I'd propose discussing the use of ternary operators for control flow versus initialization further.

I'm not sure if I completely get your point here. What does "for control flow" exactly mean?

Probably we should have examples when adding that to the style document to avoid ambiguity.

As said on the review, I generally tend to prefer functional-style ?: over imperative-style if/else constructs (I really like that in languages like Rust and Xtend everything is an expression, though I still prefer the ternary operator syntax over expression if/else somehow). One thing that might bias this a bit is that in C++ with exceptions, I wouldn't use the ternary operator for functions returning void, which are called solely for their side effect. Here, and I think this was also the case in the review, the functions just return a nsresult error code, which is conceptually equivalent to the former case, but not syntactically. If that matches what you meant, I'd say agree that the ternary operator might be discouraged for cases where the functions are called only for their side effect, i.e. which return void or nsresult.
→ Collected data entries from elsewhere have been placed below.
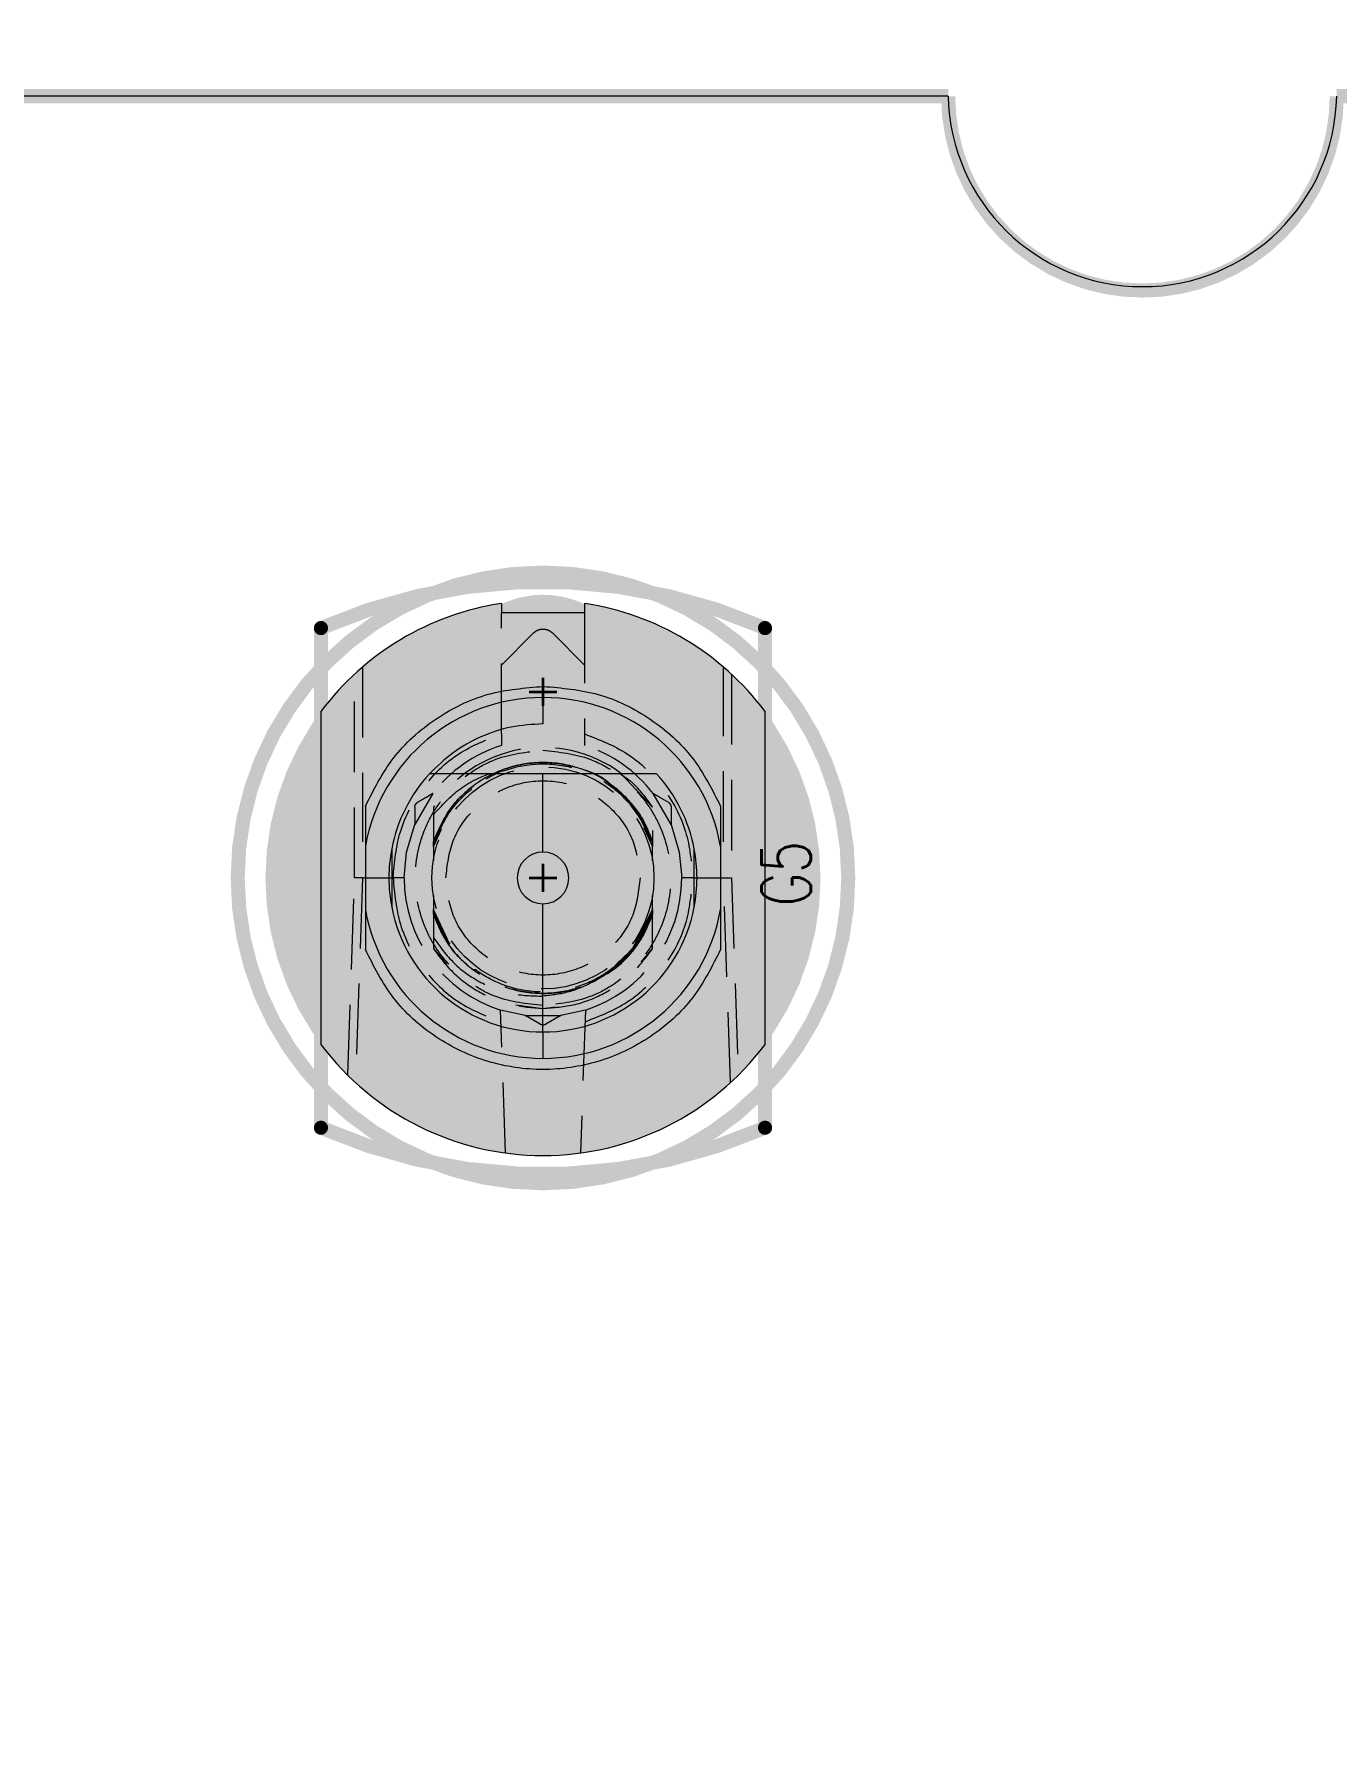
# Model space of a CAD drawing. Header units: millimetres. Extents: x 5 to 1395, y 5 to 415.
# Drawn here: x 1079.18 to 1102.64, y 260.83 to 291.72 of the extents above; entities that cross this region are included whole.
import ezdxf

# ---------------------------------------------------------------- set-up
doc = ezdxf.new("R2010")
doc.units = ezdxf.units.MM
doc.header["$PDSIZE"] = -1
doc.linetypes.add('HIDDEN', pattern=[1.905, 1.27, -0.635])
for name, color, linetype in [('BOARD_OUTLINE_00', 2, 'Continuous'), ('DRIL_PLTE_THRU_01', 16, 'Continuous'), ('DRIL_PLTE_THRU_02', 146, 'Continuous'), ('DRIL_PLTE_THRU_03', 56, 'Continuous'), ('DRIL_PLTE_THRU_04', 216, 'Continuous'), ('DRIL_PLTE_THRU_05', 34, 'Continuous'), ('DRIL_PLTE_THRU_06', 96, 'Continuous'), ('DRIL_PLTE_THRU_07', 171, 'Continuous'), ('DRIL_PLTE_THRU_08', 176, 'Continuous'), ('DRIL_SYMBOL', 2, 'Continuous'), ('PADS_BOT', 5, 'Continuous'), ('PADS_INNER', 1, 'Continuous'), ('PADS_TOP', 1, 'Continuous'), ('PART_NAME_01', 1, 'Continuous'), ('PART_TOP_2DLINE_26', 5, 'Continuous'), ('PART_TOP_2DLINE_27', 5, 'Continuous')]:
    doc.layers.add(name, color=color, linetype=linetype)
doc.styles.add('W0$127', font='simplex', dxfattribs={"width": 0.75})
doc.dimstyles.new('ISO-25', dxfattribs={"dimtxt": 2.5, "dimasz": 2.5, "dimexe": 1.25, "dimexo": 0.625, "dimtad": 1, "dimtxsty": 'Standard', "dimcen": 2.5, "dimadec": 0, "dimazin": 0, "dimtfac": 1, "dimtmove": 0, "dimatfit": 3, "dimfxl": 0, "dimarcsym": 0})

# ---------------------------------------------------------------- blocks, each defined once
blk = doc.blocks.new('BOARD_30802')
at = {"layer": 'BOARD_OUTLINE_00', "const_width": 0.254}
blk.add_lwpolyline([(292.4, 279.4), (139.4, 279.4, -1), (132.4, 279.4), (19.4, 279.4, -1), (12.4, 279.4), (0, 279.4), (0, 218.93), (2, 218.93, -1), (2, 211.93), (0, 211.93), (0, 63), (2, 63, -1), (2, 56), (0, 56), (0, 0), (431.8, 0)], format="xyb", dxfattribs=at)
blk = doc.blocks.new('SMOOTH_0$254')
at = {"const_width": 0.127}
blk.add_lwpolyline([(-0.0635, 0, 1), (0.0635, 0, 1)], format="xyb", close=True, dxfattribs=at)
blk = doc.blocks.new('PART_BODY_TOP_1')
at = {"layer": 'PART_TOP_2DLINE_26', "const_width": 0.254}
blk.add_lwpolyline([(5.5, 0, 1), (-5.5, 0, 1)], format="xyb", close=True, dxfattribs=at)
at = {"layer": 'PART_TOP_2DLINE_27', "const_width": 0.254}
blk.add_lwpolyline([(-4.5, 4), (4.5, 4, -0.208911), (4.5, -4), (-4.5, -4, -0.208911)], format="xyb", close=True, dxfattribs=at)
at = {"layer": 'PART_TOP_2DLINE_27'}
for p in [(-4.5, 4), (4.5, 4), (-4.5, -4), (4.5, -4)]:
    blk.add_blockref('SMOOTH_0$254', p, dxfattribs=at)
blk = doc.blocks.new('DRIL_SYMBOL_5$15')
at = {"layer": 'DRIL_SYMBOL', "const_width": 0.0508}
for points in [[(-0.254, 0), (0.254, 0)], [(0, -0.254), (0, 0.254)]]:
    blk.add_lwpolyline(points, dxfattribs=at)
blk = doc.blocks.new('DRIL_HOLE_5$15')
at = {"const_width": 2.575}
blk.add_lwpolyline([(-1.2875, 0, 1), (1.2875, 0, 1)], format="xyb", close=True, dxfattribs=at)
blk.add_blockref('DRIL_SYMBOL_5$15', (0, 0))
blk = doc.blocks.new('PAD_0')
at = {"const_width": 5}
blk.add_lwpolyline([(0, -2.5, 1), (0, 2.5, 1)], format="xyb", close=True, dxfattribs=at)
blk = doc.blocks.new('STK_TOP_181')
at = {"layer": 'DRIL_PLTE_THRU_01'}
blk.add_blockref('DRIL_HOLE_5$15', (0, 0), dxfattribs=at)
at = {"layer": 'DRIL_PLTE_THRU_02'}
blk.add_blockref('DRIL_HOLE_5$15', (0, 0), dxfattribs=at)
at = {"layer": 'DRIL_PLTE_THRU_03'}
blk.add_blockref('DRIL_HOLE_5$15', (0, 0), dxfattribs=at)
at = {"layer": 'DRIL_PLTE_THRU_04'}
blk.add_blockref('DRIL_HOLE_5$15', (0, 0), dxfattribs=at)
at = {"layer": 'DRIL_PLTE_THRU_05'}
blk.add_blockref('DRIL_HOLE_5$15', (0, 0), dxfattribs=at)
at = {"layer": 'DRIL_PLTE_THRU_06'}
blk.add_blockref('DRIL_HOLE_5$15', (0, 0), dxfattribs=at)
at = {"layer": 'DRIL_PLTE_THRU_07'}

Restricting the use of the ternary operator to pure functions would be too restrictive in my opinion, and also hard to decide on, since C++ makes no syntactical differences between functions with and without side effects.

My feelings on this are nebulous. I mainly want to express that in general I find the following more quickly comprehensible:

if (inOuterSpace) {
  doOuterSpaceThing();
} else {
  doLandThing();
}

than

inOuterSpace ? doOuterSpaceThing() : doLandThing();

or

(inOuterSpace && doOuterSpaceThing()) || doLandThing();

These examples aren't actually so bad; it's more when the source starts getting more dense because of arguments, etc.

This isn't something I care about deeply and in general I'd defer to the patch author except where the conditions at play become hard to understand. I think we should be moving to rust as much as possible and in rust we'd probably just use match blocks that have an understandable density level.